**GOAL OF THE EXERCISE**.
Set out the records below again exactly; skip the images.
──────── EXERCISE MATERIAL ────────
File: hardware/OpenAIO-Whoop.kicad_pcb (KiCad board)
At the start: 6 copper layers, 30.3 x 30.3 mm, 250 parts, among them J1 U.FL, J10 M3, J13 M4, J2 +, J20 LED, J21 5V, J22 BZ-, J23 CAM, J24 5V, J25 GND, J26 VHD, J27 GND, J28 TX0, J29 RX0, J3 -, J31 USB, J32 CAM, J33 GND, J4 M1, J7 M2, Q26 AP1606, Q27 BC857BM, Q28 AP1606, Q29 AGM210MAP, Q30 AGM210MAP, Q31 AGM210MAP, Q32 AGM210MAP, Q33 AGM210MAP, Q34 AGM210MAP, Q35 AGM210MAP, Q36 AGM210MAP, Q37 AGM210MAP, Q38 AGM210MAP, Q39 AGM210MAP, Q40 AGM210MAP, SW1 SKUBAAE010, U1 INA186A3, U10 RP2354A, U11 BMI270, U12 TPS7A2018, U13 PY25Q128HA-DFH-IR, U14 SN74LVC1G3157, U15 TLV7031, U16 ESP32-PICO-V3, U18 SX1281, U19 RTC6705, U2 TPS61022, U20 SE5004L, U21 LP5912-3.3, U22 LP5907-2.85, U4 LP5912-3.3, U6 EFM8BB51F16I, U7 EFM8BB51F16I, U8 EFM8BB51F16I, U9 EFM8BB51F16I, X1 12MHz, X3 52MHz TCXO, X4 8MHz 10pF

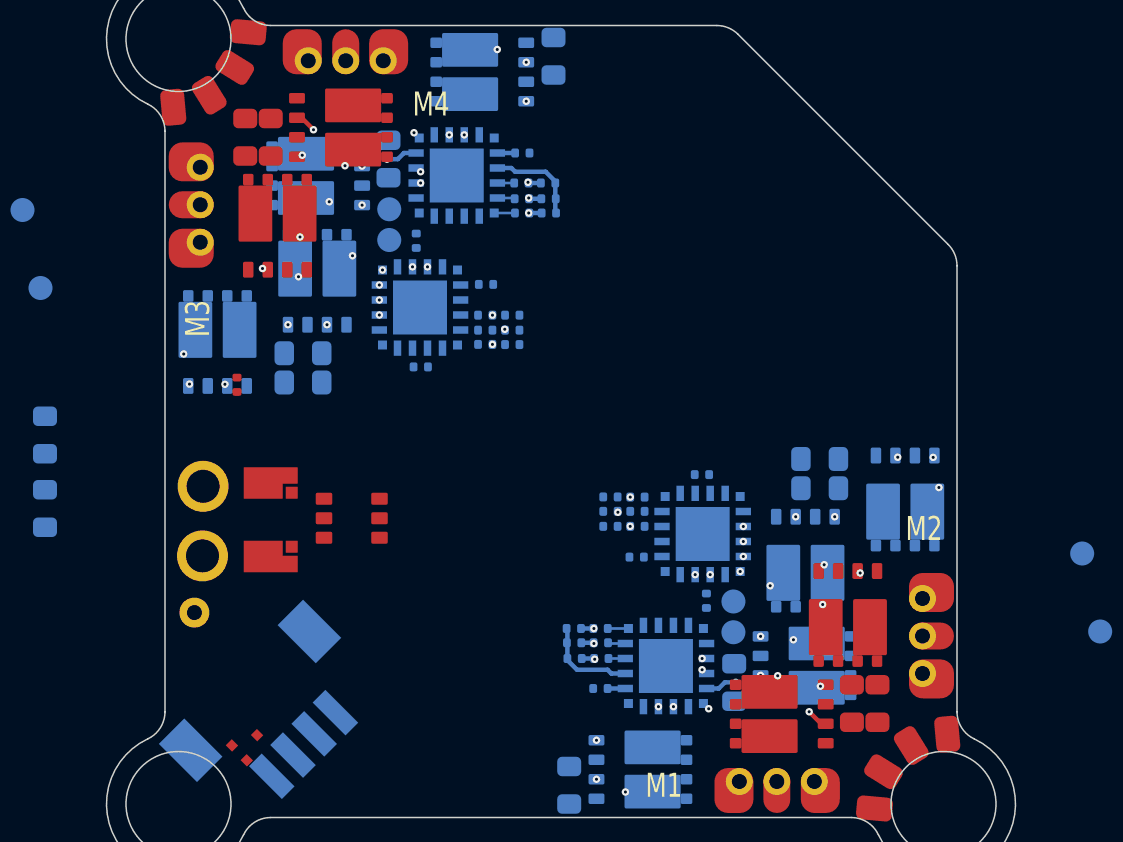
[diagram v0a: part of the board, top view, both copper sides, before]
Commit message: ESC routing back on In4 with legal 1+4+1 vias; Phase class at signal size (D121)
- Restores the owner's ESC gate and BEMF routing from 350048e on In4 (L5),
  replacing the In2 conversion and its 70 buried vias (12 remain).
- B-side ends use one L5-L6 microvia. F-side gate pads take a microvia
  L1-L2 into the pad plus a buried L2-L5 via staggered 0.25 mm. The two
  through vias become microvias.
- In4 becomes a GND pour that carries only ESC routing: DRU warning
  scoped to non-ESC nets, layer type mixed, board stackup note updated.
- Phase class drops to 0.10 / 0.09 / via 0.35 / 0.15, because phases are
  drawn as zones and the net also carries the BEMF taps.
- Removes the In2 ESC routing and the 0.40 / 0.20 buried vias on the
  PHASE nets.

Co-Authored-By: Claude Opus 5.5 <noreply@anthropic.com>
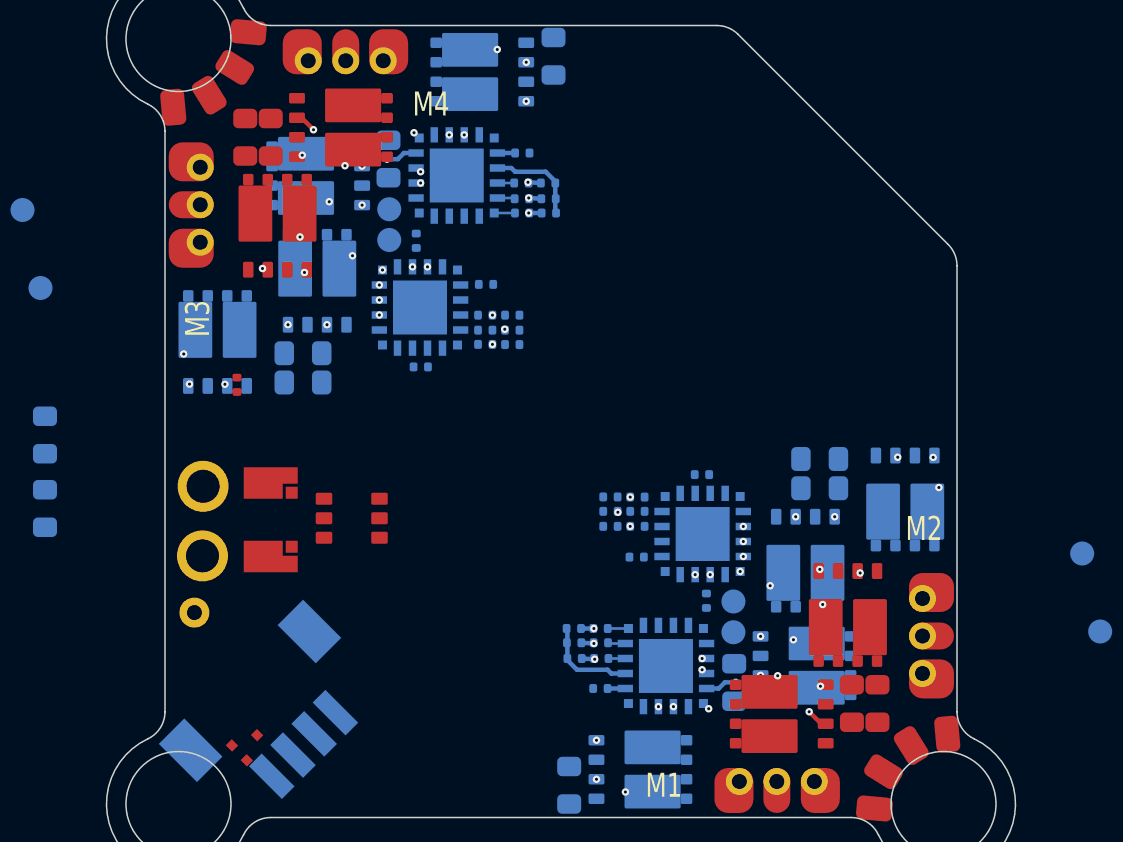
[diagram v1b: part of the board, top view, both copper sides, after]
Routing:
- net /ESC3/B_COM: track 2.31 -> 2.99 mm, vias 4 -> 3
- net /ESC2/B_COM: track 2.31 -> 2.93 mm, vias 4 -> 3
- net /ESC4/PHASE_A: track 7.22 -> 7.74 mm, vias 4 -> 2
- net /ESC1/PHASE_A: track 7.22 -> 7.74 mm, vias 4 -> 2
- net /ESC4/C_PWM: track 4.99 -> 5.49 mm, vias 4 -> 2
- net /ESC4/A_COM: track 3.64 -> 4.14 mm, vias 4 -> 2
- net /ESC3/PHASE_C: track 5.91 -> 6.41 mm, vias 4 -> 2
- net /ESC2/PHASE_C: track 5.91 -> 6.41 mm, vias 4 -> 2
- net /ESC1/C_PWM: track 4.99 -> 5.49 mm, vias 4 -> 2
- net /ESC1/A_COM: track 3.64 -> 4.14 mm, vias 4 -> 2
- net /ESC1/C_COM: track 4.15 -> 4.65 mm, vias 4 -> 2
- net /ESC4/C_COM: track 4.15 -> 4.65 mm, vias 4 -> 2
- net /ESC2/C_PWM: track 1.59 -> 2.09 mm, vias 4 -> 2
- net /ESC3/C_PWM: track 1.59 -> 2.09 mm, vias 4 -> 2
- net /ESC3/PHASE_A: track 12.5 -> 13.0 mm, vias 4 -> 2
────────
**OUTPUT OF THE TASK**.
File: hardware/OpenAIO-Whoop.kicad_pcb (KiCad board)
At the start: 6 copper layers, 30.3 x 30.3 mm, 250 parts, among them J1 U.FL, J10 M3, J13 M4, J2 +, J20 LED, J21 5V, J22 BZ-, J23 CAM, J24 5V, J25 GND, J26 VHD, J27 GND, J28 TX0, J29 RX0, J3 -, J31 USB, J32 CAM, J33 GND, J4 M1, J7 M2, Q26 AP1606, Q27 BC857BM, Q28 AP1606, Q29 AGM210MAP, Q30 AGM210MAP, Q31 AGM210MAP, Q32 AGM210MAP, Q33 AGM210MAP, Q34 AGM210MAP, Q35 AGM210MAP, Q36 AGM210MAP, Q37 AGM210MAP, Q38 AGM210MAP, Q39 AGM210MAP, Q40 AGM210MAP, SW1 SKUBAAE010, U1 INA186A3, U10 RP2354A, U11 BMI270, U12 TPS7A2018, U13 PY25Q128HA-DFH-IR, U14 SN74LVC1G3157, U15 TLV7031, U16 ESP32-PICO-V3, U18 SX1281, U19 RTC6705, U2 TPS61022, U20 SE5004L, U21 LP5912-3.3, U22 LP5907-2.85, U4 LP5912-3.3, U6 EFM8BB51F16I, U7 EFM8BB51F16I, U8 EFM8BB51F16I, U9 EFM8BB51F16I, X1 12MHz, X3 52MHz TCXO, X4 8MHz 10pF

[diagram v0a: part of the board, top view, both copper sides, before]
Commit message: ESC routing back on In4 with legal 1+4+1 vias; Phase class at signal size (D121)
- Restores the owner's ESC gate and BEMF routing from 350048e on In4 (L5),
  replacing the In2 conversion and its 70 buried vias (12 remain).
- B-side ends use one L5-L6 microvia. F-side gate pads take a microvia
  L1-L2 into the pad plus a buried L2-L5 via staggered 0.25 mm. The two
  through vias become microvias.
- In4 becomes a GND pour that carries only ESC routing: DRU warning
  scoped to non-ESC nets, layer type mixed, board stackup note updated.
- Phase class drops to 0.10 / 0.09 / via 0.35 / 0.15, because phases are
  drawn as zones and the net also carries the BEMF taps.
- Removes the In2 ESC routing and the 0.40 / 0.20 buried vias on the
  PHASE nets.

Co-Authored-By: Claude Opus 5.5 <noreply@anthropic.com>
[diagram v1b: part of the board, top view, both copper sides, after]
Routing:
- net /ESC3/B_COM: track 2.31 -> 2.99 mm, vias 4 -> 3
- net /ESC2/B_COM: track 2.31 -> 2.93 mm, vias 4 -> 3
- net /ESC4/PHASE_A: track 7.22 -> 7.74 mm, vias 4 -> 2
- net /ESC1/PHASE_A: track 7.22 -> 7.74 mm, vias 4 -> 2
- net /ESC4/C_PWM: track 4.99 -> 5.49 mm, vias 4 -> 2
- net /ESC4/A_COM: track 3.64 -> 4.14 mm, vias 4 -> 2
- net /ESC3/PHASE_C: track 5.91 -> 6.41 mm, vias 4 -> 2
- net /ESC2/PHASE_C: track 5.91 -> 6.41 mm, vias 4 -> 2
- net /ESC1/C_PWM: track 4.99 -> 5.49 mm, vias 4 -> 2
- net /ESC1/A_COM: track 3.64 -> 4.14 mm, vias 4 -> 2
- net /ESC1/C_COM: track 4.15 -> 4.65 mm, vias 4 -> 2
- net /ESC4/C_COM: track 4.15 -> 4.65 mm, vias 4 -> 2
- net /ESC2/C_PWM: track 1.59 -> 2.09 mm, vias 4 -> 2
- net /ESC3/C_PWM: track 1.59 -> 2.09 mm, vias 4 -> 2
- net /ESC3/PHASE_A: track 12.5 -> 13.0 mm, vias 4 -> 2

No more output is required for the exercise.